Action item: Print, in exact form, the lines below from the one containing "0 10303 214" through the one containing "#27=AXIS2_PLACEMENT_3D('',#24,#25,#26);", and omit all others.

Information provided:
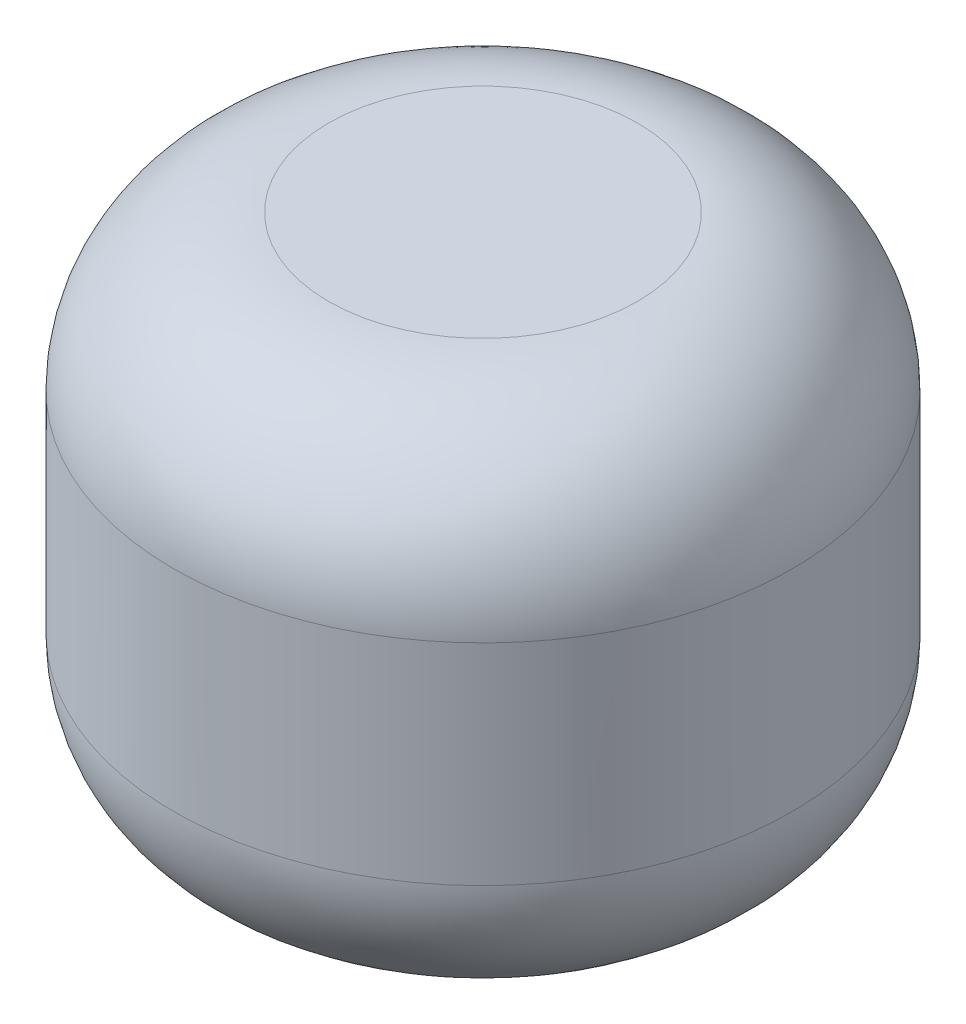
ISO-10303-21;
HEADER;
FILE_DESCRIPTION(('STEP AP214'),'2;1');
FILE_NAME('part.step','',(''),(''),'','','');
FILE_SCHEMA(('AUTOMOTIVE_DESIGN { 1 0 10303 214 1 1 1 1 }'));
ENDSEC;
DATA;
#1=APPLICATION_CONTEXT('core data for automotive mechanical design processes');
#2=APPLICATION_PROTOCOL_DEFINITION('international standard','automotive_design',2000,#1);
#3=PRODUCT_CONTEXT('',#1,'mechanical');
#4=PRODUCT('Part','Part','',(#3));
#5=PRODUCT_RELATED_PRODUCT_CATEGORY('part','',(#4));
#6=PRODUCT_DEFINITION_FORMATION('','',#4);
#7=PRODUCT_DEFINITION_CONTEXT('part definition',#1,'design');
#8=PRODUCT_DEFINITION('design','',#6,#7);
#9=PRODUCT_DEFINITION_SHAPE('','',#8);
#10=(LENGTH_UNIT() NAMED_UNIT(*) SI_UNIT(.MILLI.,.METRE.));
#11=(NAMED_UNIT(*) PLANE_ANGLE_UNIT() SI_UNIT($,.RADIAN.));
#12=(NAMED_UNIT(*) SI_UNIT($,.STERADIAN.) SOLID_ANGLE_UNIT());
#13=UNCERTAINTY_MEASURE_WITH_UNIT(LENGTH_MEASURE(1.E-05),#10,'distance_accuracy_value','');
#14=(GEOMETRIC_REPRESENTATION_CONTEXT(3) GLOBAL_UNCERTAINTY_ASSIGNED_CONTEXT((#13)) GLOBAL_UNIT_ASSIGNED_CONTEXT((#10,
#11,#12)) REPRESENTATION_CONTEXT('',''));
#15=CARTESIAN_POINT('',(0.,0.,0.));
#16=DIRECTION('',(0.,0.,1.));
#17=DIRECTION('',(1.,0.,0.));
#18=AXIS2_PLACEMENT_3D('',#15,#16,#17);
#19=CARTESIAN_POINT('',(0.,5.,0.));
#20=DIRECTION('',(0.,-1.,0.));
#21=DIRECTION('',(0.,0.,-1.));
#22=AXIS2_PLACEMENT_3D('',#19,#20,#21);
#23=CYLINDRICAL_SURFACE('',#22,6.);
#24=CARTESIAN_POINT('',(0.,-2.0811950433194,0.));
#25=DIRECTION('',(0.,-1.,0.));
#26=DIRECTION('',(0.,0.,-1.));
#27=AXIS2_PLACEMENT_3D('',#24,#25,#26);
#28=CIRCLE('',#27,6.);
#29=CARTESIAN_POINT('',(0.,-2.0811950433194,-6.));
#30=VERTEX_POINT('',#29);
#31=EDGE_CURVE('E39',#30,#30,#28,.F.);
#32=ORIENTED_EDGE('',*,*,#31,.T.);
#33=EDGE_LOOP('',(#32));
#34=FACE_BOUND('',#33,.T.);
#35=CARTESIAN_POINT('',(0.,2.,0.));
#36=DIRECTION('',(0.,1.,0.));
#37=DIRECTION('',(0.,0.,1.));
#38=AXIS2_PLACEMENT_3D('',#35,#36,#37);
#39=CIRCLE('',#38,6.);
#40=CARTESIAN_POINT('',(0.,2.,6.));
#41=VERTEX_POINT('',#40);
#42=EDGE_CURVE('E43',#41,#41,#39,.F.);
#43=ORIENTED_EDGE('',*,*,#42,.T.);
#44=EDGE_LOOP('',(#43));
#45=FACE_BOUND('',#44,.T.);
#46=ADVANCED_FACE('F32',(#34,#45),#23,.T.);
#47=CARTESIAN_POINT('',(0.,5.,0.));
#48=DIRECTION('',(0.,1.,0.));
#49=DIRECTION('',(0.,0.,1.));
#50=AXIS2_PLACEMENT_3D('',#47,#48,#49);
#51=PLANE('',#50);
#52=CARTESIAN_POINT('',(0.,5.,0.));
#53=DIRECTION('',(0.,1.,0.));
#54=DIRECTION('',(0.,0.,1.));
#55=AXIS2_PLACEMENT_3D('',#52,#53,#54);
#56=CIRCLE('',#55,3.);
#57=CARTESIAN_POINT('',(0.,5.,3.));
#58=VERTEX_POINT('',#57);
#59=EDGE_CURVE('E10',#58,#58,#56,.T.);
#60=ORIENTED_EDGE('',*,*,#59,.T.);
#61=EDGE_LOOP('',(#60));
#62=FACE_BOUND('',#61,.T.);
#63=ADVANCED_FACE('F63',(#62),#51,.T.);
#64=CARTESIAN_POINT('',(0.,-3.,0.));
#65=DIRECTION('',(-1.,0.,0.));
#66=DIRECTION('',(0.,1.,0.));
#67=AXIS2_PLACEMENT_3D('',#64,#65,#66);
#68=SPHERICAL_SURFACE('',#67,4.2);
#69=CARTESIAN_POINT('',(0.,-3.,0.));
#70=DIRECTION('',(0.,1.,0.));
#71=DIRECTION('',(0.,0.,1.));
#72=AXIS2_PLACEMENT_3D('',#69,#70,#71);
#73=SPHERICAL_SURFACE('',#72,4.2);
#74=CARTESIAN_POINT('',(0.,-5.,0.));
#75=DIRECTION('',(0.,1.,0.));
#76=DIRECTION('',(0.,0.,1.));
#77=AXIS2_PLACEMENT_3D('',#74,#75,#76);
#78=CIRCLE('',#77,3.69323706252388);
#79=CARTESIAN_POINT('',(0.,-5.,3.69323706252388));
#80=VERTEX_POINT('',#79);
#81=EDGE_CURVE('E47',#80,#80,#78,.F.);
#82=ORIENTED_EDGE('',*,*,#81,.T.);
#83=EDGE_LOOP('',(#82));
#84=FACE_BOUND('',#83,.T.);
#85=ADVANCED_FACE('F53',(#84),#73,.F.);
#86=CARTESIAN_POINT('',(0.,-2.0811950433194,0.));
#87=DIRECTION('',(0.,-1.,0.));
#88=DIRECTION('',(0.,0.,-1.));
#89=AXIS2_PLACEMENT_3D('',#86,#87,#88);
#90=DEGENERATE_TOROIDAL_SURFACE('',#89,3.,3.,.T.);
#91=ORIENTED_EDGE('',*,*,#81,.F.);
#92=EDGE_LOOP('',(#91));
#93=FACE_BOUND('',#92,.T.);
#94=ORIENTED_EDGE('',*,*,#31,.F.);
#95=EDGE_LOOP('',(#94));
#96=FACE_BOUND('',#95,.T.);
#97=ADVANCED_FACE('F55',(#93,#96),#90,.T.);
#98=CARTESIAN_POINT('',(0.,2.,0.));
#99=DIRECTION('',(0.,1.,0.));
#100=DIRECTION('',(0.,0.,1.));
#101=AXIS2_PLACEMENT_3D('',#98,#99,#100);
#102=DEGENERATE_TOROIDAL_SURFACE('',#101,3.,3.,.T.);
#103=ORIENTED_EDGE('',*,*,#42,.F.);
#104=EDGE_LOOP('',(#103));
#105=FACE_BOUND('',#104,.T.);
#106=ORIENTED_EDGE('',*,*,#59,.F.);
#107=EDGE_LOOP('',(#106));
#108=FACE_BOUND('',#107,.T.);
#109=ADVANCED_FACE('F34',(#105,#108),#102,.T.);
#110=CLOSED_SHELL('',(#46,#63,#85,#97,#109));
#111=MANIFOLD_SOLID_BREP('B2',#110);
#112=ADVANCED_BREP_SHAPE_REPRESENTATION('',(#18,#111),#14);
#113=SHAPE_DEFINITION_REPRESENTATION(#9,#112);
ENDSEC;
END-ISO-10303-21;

Response to the exercise:
FILE_SCHEMA(('AUTOMOTIVE_DESIGN { 1 0 10303 214 1 1 1 1 }'));
ENDSEC;
DATA;
#1=APPLICATION_CONTEXT('core data for automotive mechanical design processes');
#2=APPLICATION_PROTOCOL_DEFINITION('international standard','automotive_design',2000,#1);
#3=PRODUCT_CONTEXT('',#1,'mechanical');
#4=PRODUCT('Part','Part','',(#3));
#5=PRODUCT_RELATED_PRODUCT_CATEGORY('part','',(#4));
#6=PRODUCT_DEFINITION_FORMATION('','',#4);
#7=PRODUCT_DEFINITION_CONTEXT('part definition',#1,'design');
#8=PRODUCT_DEFINITION('design','',#6,#7);
#9=PRODUCT_DEFINITION_SHAPE('','',#8);
#10=(LENGTH_UNIT() NAMED_UNIT(*) SI_UNIT(.MILLI.,.METRE.));
#11=(NAMED_UNIT(*) PLANE_ANGLE_UNIT() SI_UNIT($,.RADIAN.));
#12=(NAMED_UNIT(*) SI_UNIT($,.STERADIAN.) SOLID_ANGLE_UNIT());
#13=UNCERTAINTY_MEASURE_WITH_UNIT(LENGTH_MEASURE(1.E-05),#10,'distance_accuracy_value','');
#14=(GEOMETRIC_REPRESENTATION_CONTEXT(3) GLOBAL_UNCERTAINTY_ASSIGNED_CONTEXT((#13)) GLOBAL_UNIT_ASSIGNED_CONTEXT((#10,
#11,#12)) REPRESENTATION_CONTEXT('',''));
#15=CARTESIAN_POINT('',(0.,0.,0.));
#16=DIRECTION('',(0.,0.,1.));
#17=DIRECTION('',(1.,0.,0.));
#18=AXIS2_PLACEMENT_3D('',#15,#16,#17);
#19=CARTESIAN_POINT('',(0.,5.,0.));
#20=DIRECTION('',(0.,-1.,0.));
#21=DIRECTION('',(0.,0.,-1.));
#22=AXIS2_PLACEMENT_3D('',#19,#20,#21);
#23=CYLINDRICAL_SURFACE('',#22,6.);
#24=CARTESIAN_POINT('',(0.,-2.0811950433194,0.));
#25=DIRECTION('',(0.,-1.,0.));
#26=DIRECTION('',(0.,0.,-1.));
#27=AXIS2_PLACEMENT_3D('',#24,#25,#26);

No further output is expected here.